| DIRECTIONS FOR THIS TASK |
Copy out, from the data below, each line in which the word "priority" occurs.

Stored dataset items:
◆ ◆ ◆ ◆ ◆ ◆ ◆
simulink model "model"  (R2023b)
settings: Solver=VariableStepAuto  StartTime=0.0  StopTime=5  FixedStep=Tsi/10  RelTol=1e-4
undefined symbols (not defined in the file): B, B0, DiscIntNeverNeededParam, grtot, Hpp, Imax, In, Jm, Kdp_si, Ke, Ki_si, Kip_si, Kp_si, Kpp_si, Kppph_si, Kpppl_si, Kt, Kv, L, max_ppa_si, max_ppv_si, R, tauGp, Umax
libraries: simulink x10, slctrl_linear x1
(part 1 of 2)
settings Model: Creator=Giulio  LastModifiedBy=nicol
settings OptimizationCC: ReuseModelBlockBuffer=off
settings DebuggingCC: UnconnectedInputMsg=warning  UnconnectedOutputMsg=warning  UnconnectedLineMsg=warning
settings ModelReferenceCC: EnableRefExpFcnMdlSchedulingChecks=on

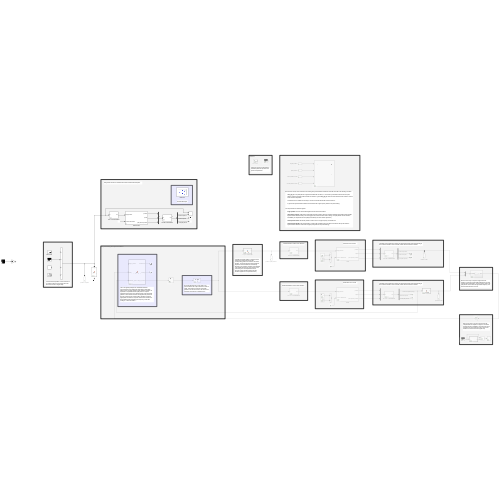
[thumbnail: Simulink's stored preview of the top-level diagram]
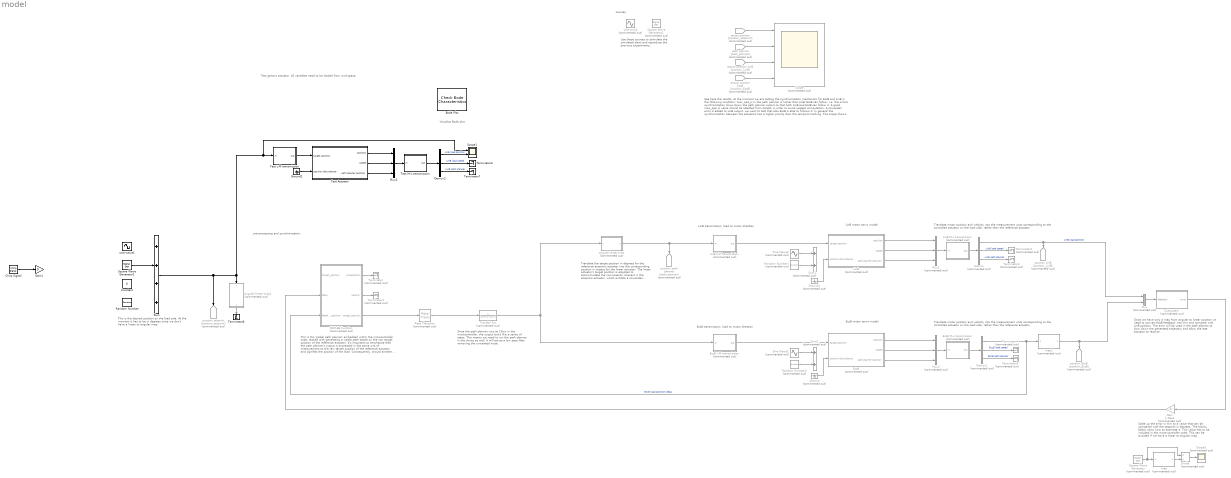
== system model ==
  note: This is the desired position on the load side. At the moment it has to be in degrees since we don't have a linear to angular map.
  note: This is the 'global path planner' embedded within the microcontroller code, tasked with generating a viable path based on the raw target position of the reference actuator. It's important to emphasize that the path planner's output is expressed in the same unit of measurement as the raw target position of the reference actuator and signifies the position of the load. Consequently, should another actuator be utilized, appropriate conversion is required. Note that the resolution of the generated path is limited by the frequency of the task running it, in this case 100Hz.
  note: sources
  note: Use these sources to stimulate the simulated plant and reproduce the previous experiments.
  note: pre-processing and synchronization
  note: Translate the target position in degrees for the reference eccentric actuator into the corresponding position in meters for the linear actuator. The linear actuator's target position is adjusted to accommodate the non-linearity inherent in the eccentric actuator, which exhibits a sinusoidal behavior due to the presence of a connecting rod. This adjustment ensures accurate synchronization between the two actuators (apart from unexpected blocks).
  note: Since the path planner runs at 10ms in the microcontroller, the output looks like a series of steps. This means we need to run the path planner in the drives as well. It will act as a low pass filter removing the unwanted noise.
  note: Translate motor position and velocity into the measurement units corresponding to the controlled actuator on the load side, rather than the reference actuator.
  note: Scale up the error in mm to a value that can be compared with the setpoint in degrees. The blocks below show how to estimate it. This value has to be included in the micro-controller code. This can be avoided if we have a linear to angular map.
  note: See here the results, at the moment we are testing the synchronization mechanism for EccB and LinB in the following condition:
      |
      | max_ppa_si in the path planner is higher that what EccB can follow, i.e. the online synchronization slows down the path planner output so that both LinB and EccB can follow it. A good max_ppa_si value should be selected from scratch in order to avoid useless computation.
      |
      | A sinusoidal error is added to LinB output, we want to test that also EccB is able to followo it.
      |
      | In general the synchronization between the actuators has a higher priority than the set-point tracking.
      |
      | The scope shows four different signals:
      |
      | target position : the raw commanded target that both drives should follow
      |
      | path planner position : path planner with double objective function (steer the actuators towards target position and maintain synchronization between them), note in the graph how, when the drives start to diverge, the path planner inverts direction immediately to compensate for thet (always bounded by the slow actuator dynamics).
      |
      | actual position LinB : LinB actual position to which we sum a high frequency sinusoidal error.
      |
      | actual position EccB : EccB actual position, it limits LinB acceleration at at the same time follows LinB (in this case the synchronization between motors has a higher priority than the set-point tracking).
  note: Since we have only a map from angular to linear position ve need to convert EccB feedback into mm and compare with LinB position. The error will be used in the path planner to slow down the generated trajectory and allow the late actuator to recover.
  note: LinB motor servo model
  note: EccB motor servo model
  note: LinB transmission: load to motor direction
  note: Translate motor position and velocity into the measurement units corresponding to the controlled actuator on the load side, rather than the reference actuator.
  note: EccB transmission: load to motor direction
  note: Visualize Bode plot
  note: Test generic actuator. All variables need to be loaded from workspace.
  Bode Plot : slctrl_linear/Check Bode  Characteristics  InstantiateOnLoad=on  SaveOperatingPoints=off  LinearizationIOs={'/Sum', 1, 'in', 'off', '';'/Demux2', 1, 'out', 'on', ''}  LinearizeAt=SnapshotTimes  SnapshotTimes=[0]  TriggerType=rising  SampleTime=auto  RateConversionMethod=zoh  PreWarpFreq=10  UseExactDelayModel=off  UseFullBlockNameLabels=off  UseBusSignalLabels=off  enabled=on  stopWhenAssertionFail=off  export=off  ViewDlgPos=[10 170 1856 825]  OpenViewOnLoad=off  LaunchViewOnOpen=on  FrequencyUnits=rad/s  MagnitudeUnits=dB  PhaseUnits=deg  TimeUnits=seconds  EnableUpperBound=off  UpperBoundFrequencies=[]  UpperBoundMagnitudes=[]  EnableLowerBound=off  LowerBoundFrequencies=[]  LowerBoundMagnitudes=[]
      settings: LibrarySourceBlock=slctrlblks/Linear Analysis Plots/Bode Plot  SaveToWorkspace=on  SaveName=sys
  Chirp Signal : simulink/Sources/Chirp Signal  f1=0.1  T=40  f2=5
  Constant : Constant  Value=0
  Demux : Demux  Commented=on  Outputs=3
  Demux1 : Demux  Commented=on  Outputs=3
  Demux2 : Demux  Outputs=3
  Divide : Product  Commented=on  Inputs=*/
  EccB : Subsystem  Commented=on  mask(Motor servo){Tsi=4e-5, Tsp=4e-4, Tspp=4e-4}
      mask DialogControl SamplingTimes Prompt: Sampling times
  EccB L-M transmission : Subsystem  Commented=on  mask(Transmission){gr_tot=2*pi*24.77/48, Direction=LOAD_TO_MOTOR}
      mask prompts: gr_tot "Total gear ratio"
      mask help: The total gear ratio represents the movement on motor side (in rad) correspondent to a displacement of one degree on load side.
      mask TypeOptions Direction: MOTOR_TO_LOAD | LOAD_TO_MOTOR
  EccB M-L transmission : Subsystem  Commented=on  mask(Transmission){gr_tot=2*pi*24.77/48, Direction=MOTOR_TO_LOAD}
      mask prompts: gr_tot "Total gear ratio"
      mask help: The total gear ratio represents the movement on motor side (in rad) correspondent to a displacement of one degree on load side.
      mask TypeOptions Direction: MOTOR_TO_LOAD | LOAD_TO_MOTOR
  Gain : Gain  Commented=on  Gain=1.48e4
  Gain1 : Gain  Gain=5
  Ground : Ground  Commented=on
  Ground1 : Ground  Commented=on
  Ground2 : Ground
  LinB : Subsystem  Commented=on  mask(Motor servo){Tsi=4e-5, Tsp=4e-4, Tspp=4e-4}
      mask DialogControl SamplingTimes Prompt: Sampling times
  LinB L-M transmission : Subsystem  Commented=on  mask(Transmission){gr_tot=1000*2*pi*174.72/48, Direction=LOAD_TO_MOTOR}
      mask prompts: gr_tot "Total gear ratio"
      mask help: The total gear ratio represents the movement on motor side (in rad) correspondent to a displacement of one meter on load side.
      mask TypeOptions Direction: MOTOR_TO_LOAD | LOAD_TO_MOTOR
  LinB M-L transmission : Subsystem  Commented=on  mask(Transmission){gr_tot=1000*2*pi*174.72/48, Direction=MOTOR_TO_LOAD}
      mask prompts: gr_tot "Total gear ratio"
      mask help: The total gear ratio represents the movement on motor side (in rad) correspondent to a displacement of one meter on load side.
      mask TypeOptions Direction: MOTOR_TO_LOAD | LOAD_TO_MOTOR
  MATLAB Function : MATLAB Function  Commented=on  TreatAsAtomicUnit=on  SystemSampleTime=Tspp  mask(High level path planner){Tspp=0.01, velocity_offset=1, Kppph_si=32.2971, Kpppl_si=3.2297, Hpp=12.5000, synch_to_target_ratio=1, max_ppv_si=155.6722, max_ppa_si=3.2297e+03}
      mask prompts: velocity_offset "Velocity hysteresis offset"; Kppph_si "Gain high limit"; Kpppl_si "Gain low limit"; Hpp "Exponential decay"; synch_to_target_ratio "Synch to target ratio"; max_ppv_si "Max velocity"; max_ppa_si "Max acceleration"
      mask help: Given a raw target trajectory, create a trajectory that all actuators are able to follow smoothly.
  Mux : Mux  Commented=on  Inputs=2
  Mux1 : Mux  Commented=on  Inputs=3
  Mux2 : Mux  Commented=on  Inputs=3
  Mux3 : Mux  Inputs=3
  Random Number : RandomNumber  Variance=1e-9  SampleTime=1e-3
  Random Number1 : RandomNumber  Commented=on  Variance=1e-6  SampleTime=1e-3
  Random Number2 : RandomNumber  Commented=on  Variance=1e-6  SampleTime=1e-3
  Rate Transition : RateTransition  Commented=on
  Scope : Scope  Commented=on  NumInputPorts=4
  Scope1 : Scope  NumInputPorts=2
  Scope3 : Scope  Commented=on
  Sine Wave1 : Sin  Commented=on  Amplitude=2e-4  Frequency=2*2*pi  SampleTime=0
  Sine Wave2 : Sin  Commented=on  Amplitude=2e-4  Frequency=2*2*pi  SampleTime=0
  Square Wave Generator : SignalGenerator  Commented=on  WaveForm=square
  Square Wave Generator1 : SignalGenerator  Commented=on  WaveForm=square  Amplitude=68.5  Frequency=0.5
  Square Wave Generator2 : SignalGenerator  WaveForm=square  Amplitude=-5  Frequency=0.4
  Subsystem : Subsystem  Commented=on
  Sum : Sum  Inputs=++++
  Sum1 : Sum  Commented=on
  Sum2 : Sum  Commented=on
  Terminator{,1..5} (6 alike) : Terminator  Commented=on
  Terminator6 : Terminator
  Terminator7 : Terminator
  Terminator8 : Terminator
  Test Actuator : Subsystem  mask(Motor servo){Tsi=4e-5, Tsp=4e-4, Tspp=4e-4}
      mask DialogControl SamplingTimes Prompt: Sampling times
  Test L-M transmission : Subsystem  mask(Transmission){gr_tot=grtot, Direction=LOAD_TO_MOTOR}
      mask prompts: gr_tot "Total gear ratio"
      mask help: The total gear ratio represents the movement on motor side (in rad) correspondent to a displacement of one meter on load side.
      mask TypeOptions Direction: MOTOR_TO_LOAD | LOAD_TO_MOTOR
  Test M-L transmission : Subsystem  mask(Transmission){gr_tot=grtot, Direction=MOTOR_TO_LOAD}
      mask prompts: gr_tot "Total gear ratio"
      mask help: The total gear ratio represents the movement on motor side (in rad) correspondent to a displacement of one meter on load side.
◆ ◆ ◆ ◆ ◆ ◆ ◆
| REPLY TO THE TASK |
      | In general the synchronization between the actuators has a higher priority than the set-point tracking.
      | actual position EccB : EccB actual position, it limits LinB acceleration at at the same time follows LinB (in this case the synchronization between motors has a higher priority than the set-point tracking).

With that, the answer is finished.